Write the standard form of the equation and the general form of the equation of the circle with radius \( r \) and center \( (h, k) \). Then graph the circle. \( r=1 ; \quad(h, k)=(8,6) \) The standard form of the equation of this circle is \( (x-8)^{2}+(y-6)^{2}=1 \). (Type your answer in standard form.) The general form of the equation of this circle is (Simplify your answer. Type an equation.)

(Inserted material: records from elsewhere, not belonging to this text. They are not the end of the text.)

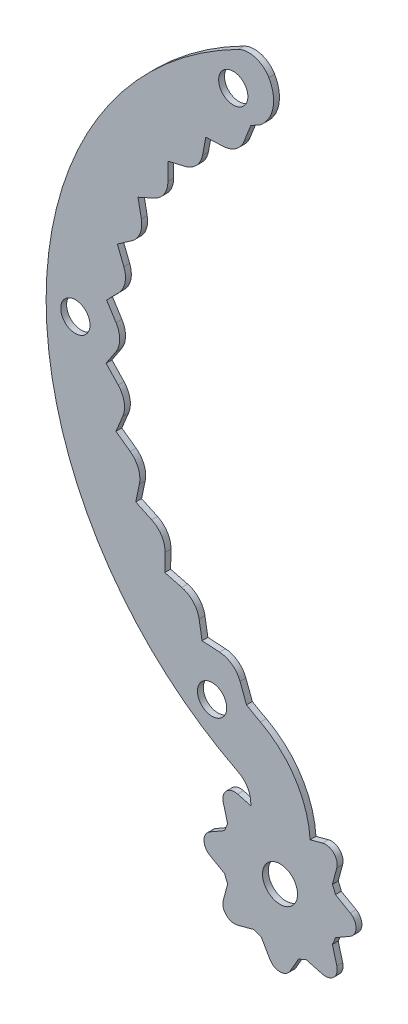
SolidWorks part; units mm, degrees
material "3003 Alaşım"
ref_plane "Ön Düzlem" through (0, 0, 0) normal (0, 0, 1) x (1, 0, 0)
ref_plane "Üst Düzlem" through (0, 0, 0) normal (0, 1, 0) x (1, 0, 0)
ref_plane "Sağ Düzlem" through (0, 0, 0) normal (1, 0, 0) x (0, 0, -1)
sketch "Çizim1" plane through (0, 0, 0) normal (0, 0, 1) x (1, 0, 0)
  line L0 (-50, 0) -> (-25, 0) construction
  line L1 (-25, 74.7114) -> (-25, -57.8833) construction
  line L3 (-25, 43.3013) -> (-26.1465, 40.3921)
  line L10 (-32.6937, 37.73) -> (-33.2521, 34.7773)
  line L11 (-32.6937, 37.73) -> (-29.6915, 37.8626)
  line L12 (-39.1845, 30.9355) -> (-36.2603, 31.6283)
  line L13 (-39.1845, 30.9355) -> (-39.1797, 27.9304)
  line L14 (-44.2872, 23.0451) -> (-41.5446, 24.2736)
  line L15 (-44.2872, 23.0451) -> (-43.7194, 20.0942)
  line L16 (-47.8209, 14.3384) -> (-45.3571, 16.059)
  line L17 (-47.8209, 14.3384) -> (-46.7103, 11.546)
  line L18 (-49.6606, 5.1236) -> (-47.5629, 7.2754)
  line L19 (-49.6606, 5.1236) -> (-48.0464, 2.5889)
  line L20 (-49.7411, -4.2726) -> (-48.0837, -1.7658)
  line L21 (-49.7411, -4.2726) -> (-47.6805, -6.46)
  line L22 (-48.0594, -13.5175) -> (-46.9011, -10.7445)
  line L23 (-48.0594, -13.5175) -> (-45.6255, -15.28)
  line L24 (-44.6753, -22.2835) -> (-44.057, -19.3426)
  line L25 (-44.6753, -22.2835) -> (-41.9541, -23.5587)
  line L26 (-39.7084, -30.2601) -> (-39.6522, -27.2555)
  line L27 (-39.7084, -30.2601) -> (-36.7965, -31.0028)
  line L28 (-33.3349, -37.1647) -> (-33.8427, -34.2028)
  line L29 (-33.3349, -37.1647) -> (-30.3354, -37.3487)
  line L30 (-25.7378, -42.8669) -> (-26.8343, -39.9385)
  line L31 (-25, -57.0526) -> (-25, -57.8833)
  line L33 (-15, -47.697) -> (-15, -66.5436) construction
  line L34 (-25, -66.5436) -> (-15, -66.5436) construction
  line L35 (-25, -54.5436) -> (-25, -66.5436) construction
  arc A0 (-27.1796, 53.4909) -> (-27.1875, -53.4868) centre (0, 0) ccw
  arc A3 (-23.4461, 44.162) -> (-21.9062, 51.9296) centre (-27.0983, 48.9224) ccw
  arc A4 (-26.1465, 40.3921) -> (-29.6915, 37.8626) centre (-29.8679, 41.8587) cw
  arc A5 (-33.2521, 34.7773) -> (-36.2603, 31.6283) centre (-37.1824, 35.5206) cw
  arc A6 (-39.1797, 27.9304) -> (-41.5446, 24.2736) centre (-43.1797, 27.9241) cw
  arc A7 (-43.7194, 20.0942) -> (-45.3571, 16.059) centre (-47.6474, 19.3384) cw
  arc A8 (-46.7103, 11.546) -> (-47.5629, 7.2754) centre (-50.4271, 10.0677) cw
  arc A9 (-48.0464, 2.5889) -> (-48.0837, -1.7658) centre (-51.4203, 0.4403) cw
  arc A10 (-47.6805, -6.46) -> (-46.9011, -10.7445) centre (-50.592, -9.2028) cw
  arc A11 (-45.6255, -15.28) -> (-44.057, -19.3426) centre (-47.9715, -18.5198) cw
  arc A12 (-41.9541, -23.5587) -> (-39.6522, -27.2555) centre (-43.6515, -27.1807) cw
  arc A13 (-36.7965, -31.0028) -> (-33.8427, -34.2028) centre (-37.7852, -34.8787) cw
  arc A14 (-30.3354, -37.3487) -> (-26.8343, -39.9385) centre (-30.5803, -41.3412) cw
  arc A15 (-23.4461, 44.162) -> (-25, 43.3013) centre (0, 0) ccw
  arc A16 (-20.8333, 45.453) -> (-15, -47.697) centre (0, 0) ccw construction
  arc A17 (-23.3522, -44.2117) -> (-14.8293, -57.9841) centre (-30.8249, -58.3594) cw
  arc A18 (-25, -57.8833) -> (-14.8293, -57.9841) centre (-20, -66.5436) ccw
  arc A19 (-25, 54.5436) -> (-25, -54.5436) centre (0, 0) ccw construction
  arc A20 (-27.1875, -53.4868) -> (-25, -57.0526) centre (-29, -57.0526) cw
  arc A21 (-27.1796, 53.4909) -> (-21.9062, 51.9296) centre (-25.3676, 49.9248) cw
  circle A22 centre (-20, -66.5436) radius 5
  arc A23 (-25.7378, -42.8669) -> (-23.3522, -44.2117) centre (0, 0) ccw
  circle A26 centre (-31.6201, -45.0019) radius 2.5
  circle A27 centre (-55, 0) radius 2.5
  circle A28 centre (-28.0006, 47.3388) radius 2.5
  point P9 (-25, 0)
  point P64 (-25, -54.5436)
  point P69 (0, 0)
  dimension "D1" = 60
  dimension "D2" = 10
  dimension "D4" = 4
  dimension "D6" = 16
  dimension "D7" = 4
  dimension "D8" = 4
  dimension "D9" = 10
  dimension "D3" = 25
  dimension "D5" = 11
extrude "Yükseklik-Ekstrüzyon2" add sketch "Çizim1" along normal blind 1
sketch "Çizim2" plane through (0, 0, 1) normal (0, 0, 1) x (1, 0, 0)
  line L0 (-10, -66.5436) -> (-5, -66.5436) construction
  line L1 (-8, -68.2756) -> (-10.6015, -69.7776)
  line L2 (-8, -64.8115) -> (-10.6015, -63.3095)
  line L3 (-10.29, -73.8041) -> (-11.0675, -70.9025)
  line L4 (-12.7395, -76.2536) -> (-15.6411, -75.4761)
  line L5 (-18.2679, -78.5436) -> (-16.7659, -75.942)
  line L6 (-21.7321, -78.5436) -> (-23.2341, -75.942)
  line L7 (-27.2605, -76.2536) -> (-24.3589, -75.4761)
  line L8 (-29.71, -73.8041) -> (-28.9325, -70.9025)
  line L9 (-32, -68.2756) -> (-29.3985, -69.7776)
  line L10 (-32, -64.8115) -> (-29.3985, -63.3095)
  line L11 (-29.71, -59.283) -> (-28.9325, -62.1847)
  line L12 (-27.2605, -56.8335) -> (-24.3589, -57.611)
  line L13 (-21.7321, -54.5436) -> (-23.2341, -57.1451)
  line L14 (-18.2679, -54.5436) -> (-16.7659, -57.1451)
  line L15 (-12.7395, -56.8335) -> (-15.6411, -57.611)
  line L16 (-10.29, -59.283) -> (-11.0675, -62.1847)
  circle A0 centre (-20, -66.5436) radius 10 construction
  arc A1 (-8, -68.2756) -> (-8, -64.8115) centre (-9, -66.5436) ccw
  arc A2 (-12.7395, -76.2536) -> (-10.29, -73.8041) centre (-12.2218, -74.3217) ccw
  arc A4 (-21.7321, -78.5436) -> (-18.2679, -78.5436) centre (-20, -77.5436) ccw
  arc A6 (-29.71, -73.8041) -> (-27.2605, -76.2536) centre (-27.7782, -74.3217) ccw
  arc A8 (-32, -64.8115) -> (-32, -68.2756) centre (-31, -66.5436) ccw
  circle A9 centre (-20, -66.5436) radius 10 construction
  arc A10 (-27.2605, -56.8335) -> (-29.71, -59.283) centre (-27.7782, -58.7654) ccw
  arc A12 (-18.2679, -54.5436) -> (-21.7321, -54.5436) centre (-20, -55.5436) ccw
  circle A13 centre (-20, -66.5436) radius 10 construction
  arc A14 (-10.29, -59.283) -> (-12.7395, -56.8335) centre (-12.2218, -58.7654) ccw
  arc A17 (-16.7659, -57.1451) -> (-15.6411, -57.611) centre (-15.8999, -56.6451) ccw
  arc A18 (-28.9325, -62.1847) -> (-29.3985, -63.3095) centre (-29.8985, -62.4435) cw
  arc A20 (-29.3985, -69.7776) -> (-28.9325, -70.9025) centre (-29.8985, -70.6436) cw
  arc A22 (-24.3589, -75.4761) -> (-23.2341, -75.942) centre (-24.1001, -76.442) cw
  arc A24 (-16.7659, -75.942) -> (-15.6411, -75.4761) centre (-15.8999, -76.442) cw
  arc A26 (-11.0675, -70.9025) -> (-10.6015, -69.7776) centre (-10.1015, -70.6436) cw
  arc A28 (-10.6015, -63.3095) -> (-11.0675, -62.1847) centre (-10.1015, -62.4435) cw
  arc A30 (-24.3589, -57.611) -> (-23.2341, -57.1451) centre (-24.1001, -56.6451) ccw
  circle A32 centre (-20, -66.5436) radius 10 [skipped]
  circle A33 centre (-20, -66.5436) radius 10 [skipped]
  circle A34 centre (-20, -66.5436) radius 10 [skipped]
  circle A35 centre (-20, -66.5436) radius 10 [skipped]
  circle A36 centre (-20, -66.5436) radius 10 [skipped]
  circle A37 centre (-20, -66.5436) radius 3
  point P54 (-20, -66.5436)
  dimension "D2" = 2
  dimension "D5" = 1
  dimension "D4" = 1
  dimension "D1" = 30
  dimension "D3" = 8
extrude "Yükseklik-Ekstrüzyon4" add sketch "Çizim2" against normal blind 1

First, let's convert the standard form of the equation into the general form. The standard form of the circle is: \[ (x - 8)^{2} + (y - 6)^{2} = 1 \] Expanding this equation, we have: \[ (x^2 - 16x + 64) + (y^2 - 12y + 36) = 1 \] Combining like terms, we get: \[ x^2 + y^2 - 16x - 12y + 100 = 1 \] Now, we can rearrange it to the general form: \[ x^2 + y^2 - 16x - 12y + 99 = 0 \] So, the general form of the equation of the circle is: \[ x^2 + y^2 - 16x - 12y + 99 = 0 \] Now, let's graph the circle centered at (8, 6) with a radius of 1. You'll plot the center point first, then draw a circle that extends 1 unit in all directions from that center! It's a tiny circle, so it will look quite cute on the graph!